Item 4. Controls and Procedures
Evaluation of Disclosure Controls and Procedures
     As of the end of the period covered by this report, the Company conducted an evaluation under the supervision and with the participation of the Company’s management, including the Company’s Chief Executive Officer and Chief Financial Officer regarding the effectiveness of the design and operation of the Company’s disclosure controls and procedures pursuant to Rule 13a-15(b) of the Securities Exchange Act of 1934 (the “Exchange Act”).

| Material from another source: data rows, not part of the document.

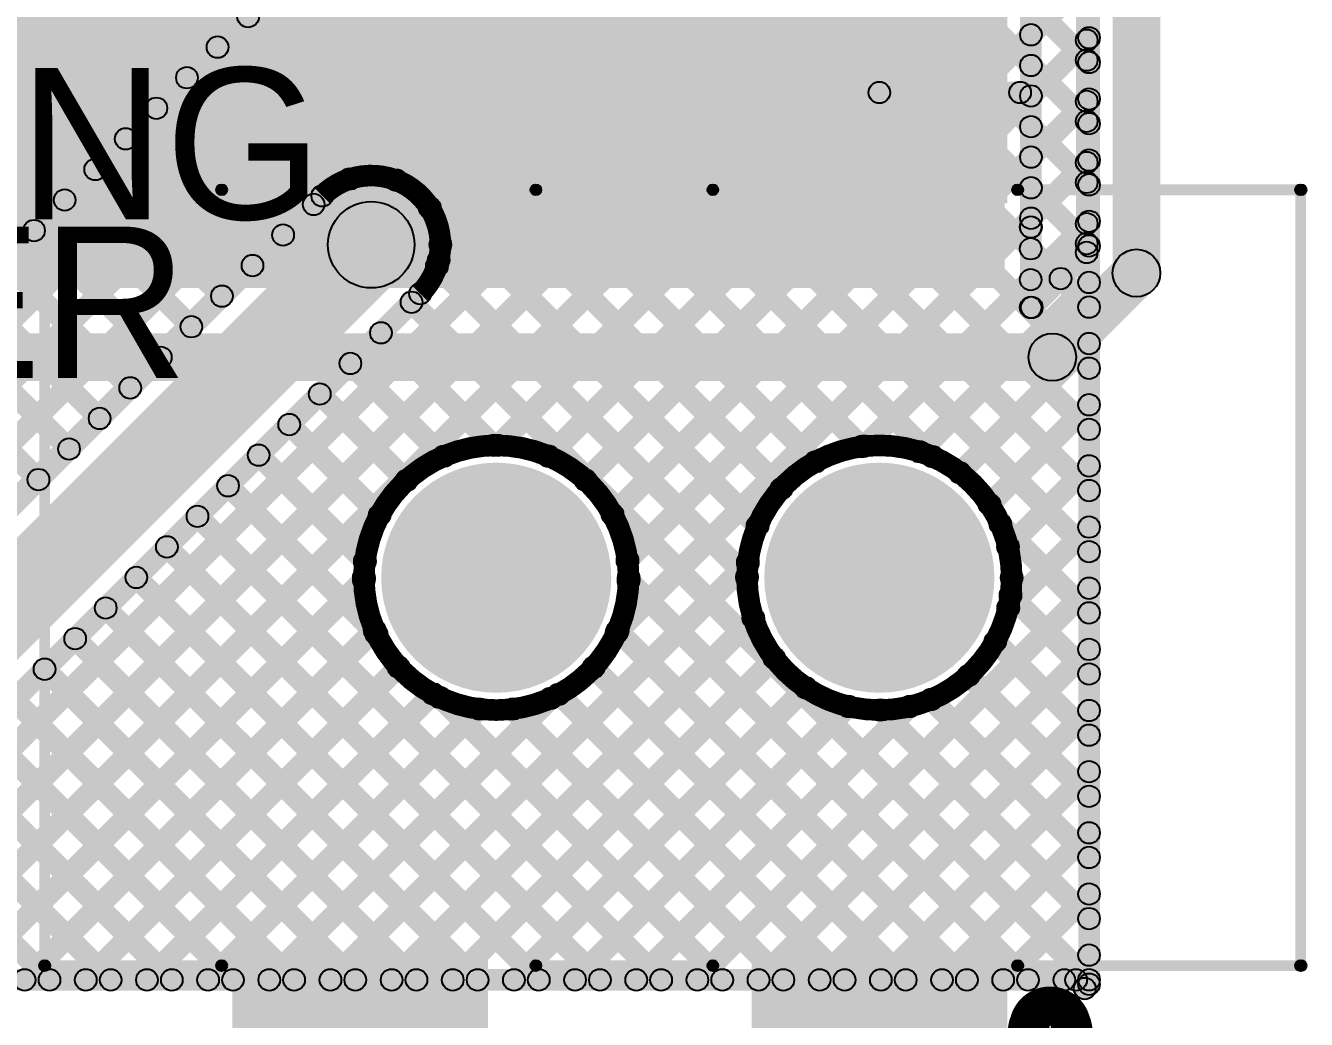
# Model space of a CAD drawing. Header units: millimetres. Extents: x -0.08 to 3.07, y -0.08 to 2.73.
# Drawn here: x 2.346 to 2.939, y 0.166 to 0.625 of the extents above; entities that cross this region are included whole.
import ezdxf

# ---------------------------------------------------------------- set-up
doc = ezdxf.new("R2010")
doc.units = ezdxf.units.MM
doc.header["$MEASUREMENT"] = 0
for name, color, linetype in [('BottomLayer', 5, 'Continuous'), ('BottomSolder', 6, 'Continuous'), ('PadHoleLayer', 156, 'Continuous'), ('TopLayer', 1, 'Continuous'), ('TopOverlay', 2, 'Continuous'), ('TopPaste', 8, 'Continuous'), ('TopSolder', 216, 'Continuous'), ('ViaHoleLayer', 16, 'Continuous')]:
    doc.layers.add(name, color=color, linetype=linetype)

# ---------------------------------------------------------------- blocks, each defined once
blk = doc.blocks.new('DC_005_5A_2_5_SMT_40')
at = {"layer": 'BottomLayer'}
h = blk.add_hatch(color=5, dxfattribs=at)
edge = h.paths.add_edge_path()
edge.add_arc((0, 0), 0.04921, 0, 360)
h = blk.add_hatch(color=5, dxfattribs=at)
edge = h.paths.add_edge_path()
edge.add_arc((0.17717, 0), 0.04921, 0, 360)
at = {"layer": 'BottomSolder'}
h = blk.add_hatch(color=6, dxfattribs=at)
edge = h.paths.add_edge_path()
edge.add_arc((0, 0), 0.05321, 0, 360)
h = blk.add_hatch(color=6, dxfattribs=at)
edge = h.paths.add_edge_path()
edge.add_arc((0.17717, 0), 0.05321, 0, 360)
at = {"layer": 'PadHoleLayer'}
h = blk.add_hatch(color=156, dxfattribs=at)
edge = h.paths.add_edge_path()
edge.add_arc((0, 0), 0.0315, 0, 360)
h = blk.add_hatch(color=156, dxfattribs=at)
edge = h.paths.add_edge_path()
edge.add_arc((0.17717, 0), 0.03543, 0, 360)
at = {"layer": 'TopLayer'}
for points in [[(-0.05512, 0.27165), (0.05512, 0.27165), (0.05512, 0.17717), (-0.05512, 0.17717)], [(0.18504, 0.27165), (0.29528, 0.27165), (0.29528, 0.17717), (0.18504, 0.17717)], [(-0.05512, -0.17717), (0.05512, -0.17717), (0.05512, -0.27165), (-0.05512, -0.27165)], [(0.18504, -0.17717), (0.29528, -0.17717), (0.29528, -0.27165), (0.18504, -0.27165)]]:
    blk.add_hatch(color=1, dxfattribs=at).paths.add_polyline_path(points)
h = blk.add_hatch(color=1, dxfattribs=at)
edge = h.paths.add_edge_path()
edge.add_arc((0, 0), 0.04921, 0, 360)
h = blk.add_hatch(color=1, dxfattribs=at)
edge = h.paths.add_edge_path()
edge.add_arc((0.17717, 0), 0.04921, 0, 360)
at = {"layer": 'TopOverlay'}
h = blk.add_hatch(color=2, dxfattribs=at)
edge = h.paths.add_edge_path()
edge.add_arc((-0.08808, 0.208), 0.00984, 0, 360)
h = blk.add_hatch(color=2, dxfattribs=at)
edge = h.paths.add_edge_path()
edge.add_arc((-0.06992, 0.208), 0.00984, 0, 360)
h = blk.add_hatch(color=2, dxfattribs=at)
edge = h.paths.add_edge_path()
edge.add_arc((-0.195, 0.17941), 0.0025, 0, 360)
h = blk.add_hatch(color=2, dxfattribs=at)
edge = h.paths.add_edge_path()
edge.add_arc((-0.19485, 0.17941), 0.0025, 0, 360)
for points in [[(-0.19735, 0.17941), (-0.19235, 0.17941), (-0.19235, -0.17941), (-0.19735, -0.17941)], [(-0.064, 0.18191), (-0.064, 0.17691), (-0.195, 0.17691), (-0.195, 0.18191)], [(0.15884, 0.18191), (0.15884, 0.17691), (0.077, 0.17691), (0.077, 0.18191)], [(0.386, 0.18191), (0.386, 0.17691), (0.30416, 0.17691), (0.30416, 0.18191)], [(0.38351, 0.17941), (0.38851, 0.17941), (0.38851, -0.17941), (0.38351, -0.17941)], [(-0.064, -0.17691), (-0.064, -0.18191), (-0.195, -0.18191), (-0.195, -0.17691)], [(0.15884, -0.17691), (0.15884, -0.18191), (0.077, -0.18191), (0.077, -0.17691)], [(0.386, -0.17691), (0.386, -0.18191), (0.30416, -0.18191), (0.30416, -0.17691)]]:
    blk.add_hatch(color=2, dxfattribs=at).paths.add_polyline_path(points)
h = blk.add_hatch(color=2, dxfattribs=at)
edge = h.paths.add_edge_path()
edge.add_arc((-0.064, 0.17941), 0.0025, 0, 360)
h = blk.add_hatch(color=2, dxfattribs=at)
edge = h.paths.add_edge_path()
edge.add_arc((0.077, 0.17941), 0.0025, 0, 360)
h = blk.add_hatch(color=2, dxfattribs=at)
edge = h.paths.add_edge_path()
edge.add_arc((0.15884, 0.17941), 0.0025, 0, 360)
h = blk.add_hatch(color=2, dxfattribs=at)
edge = h.paths.add_edge_path()
edge.add_arc((0.30416, 0.17941), 0.0025, 0, 360)
h = blk.add_hatch(color=2, dxfattribs=at)
edge = h.paths.add_edge_path()
edge.add_arc((0.386, 0.17941), 0.0025, 0, 360)
h = blk.add_hatch(color=2, dxfattribs=at)
edge = h.paths.add_edge_path()
edge.add_arc((0.38601, 0.17941), 0.0025, 0, 360)
h = blk.add_hatch(color=2, dxfattribs=at)
edge = h.paths.add_edge_path()
edge.add_arc((-0.195, -0.17941), 0.0025, 0, 360)
h = blk.add_hatch(color=2, dxfattribs=at)
edge = h.paths.add_edge_path()
edge.add_arc((-0.19485, -0.17941), 0.0025, 0, 360)
h = blk.add_hatch(color=2, dxfattribs=at)
edge = h.paths.add_edge_path()
edge.add_arc((-0.064, -0.17941), 0.0025, 0, 360)
h = blk.add_hatch(color=2, dxfattribs=at)
edge = h.paths.add_edge_path()
edge.add_arc((0.077, -0.17941), 0.0025, 0, 360)
h = blk.add_hatch(color=2, dxfattribs=at)
edge = h.paths.add_edge_path()
edge.add_arc((0.15884, -0.17941), 0.0025, 0, 360)
h = blk.add_hatch(color=2, dxfattribs=at)
edge = h.paths.add_edge_path()
edge.add_arc((0.30416, -0.17941), 0.0025, 0, 360)
h = blk.add_hatch(color=2, dxfattribs=at)
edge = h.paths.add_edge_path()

Based upon that evaluation, the Chief Executive Officer and Chief Financial Officer concluded that the Company’s disclosure controls and procedures are effective to ensure that information required to be disclosed by the Company in reports that it files under the Exchange Act is recorded, processed, summarized and reported within the time period specified in the Securities Exchange Commission rules and forms, and to ensure that information required to be disclosed by the Company in the reports the Company files or submits under the Exchange Act is accumulated and communicated to the Company’s management, including its principal executive and principal financial officers, as appropriate, to allow timely decisions regarding required disclosures.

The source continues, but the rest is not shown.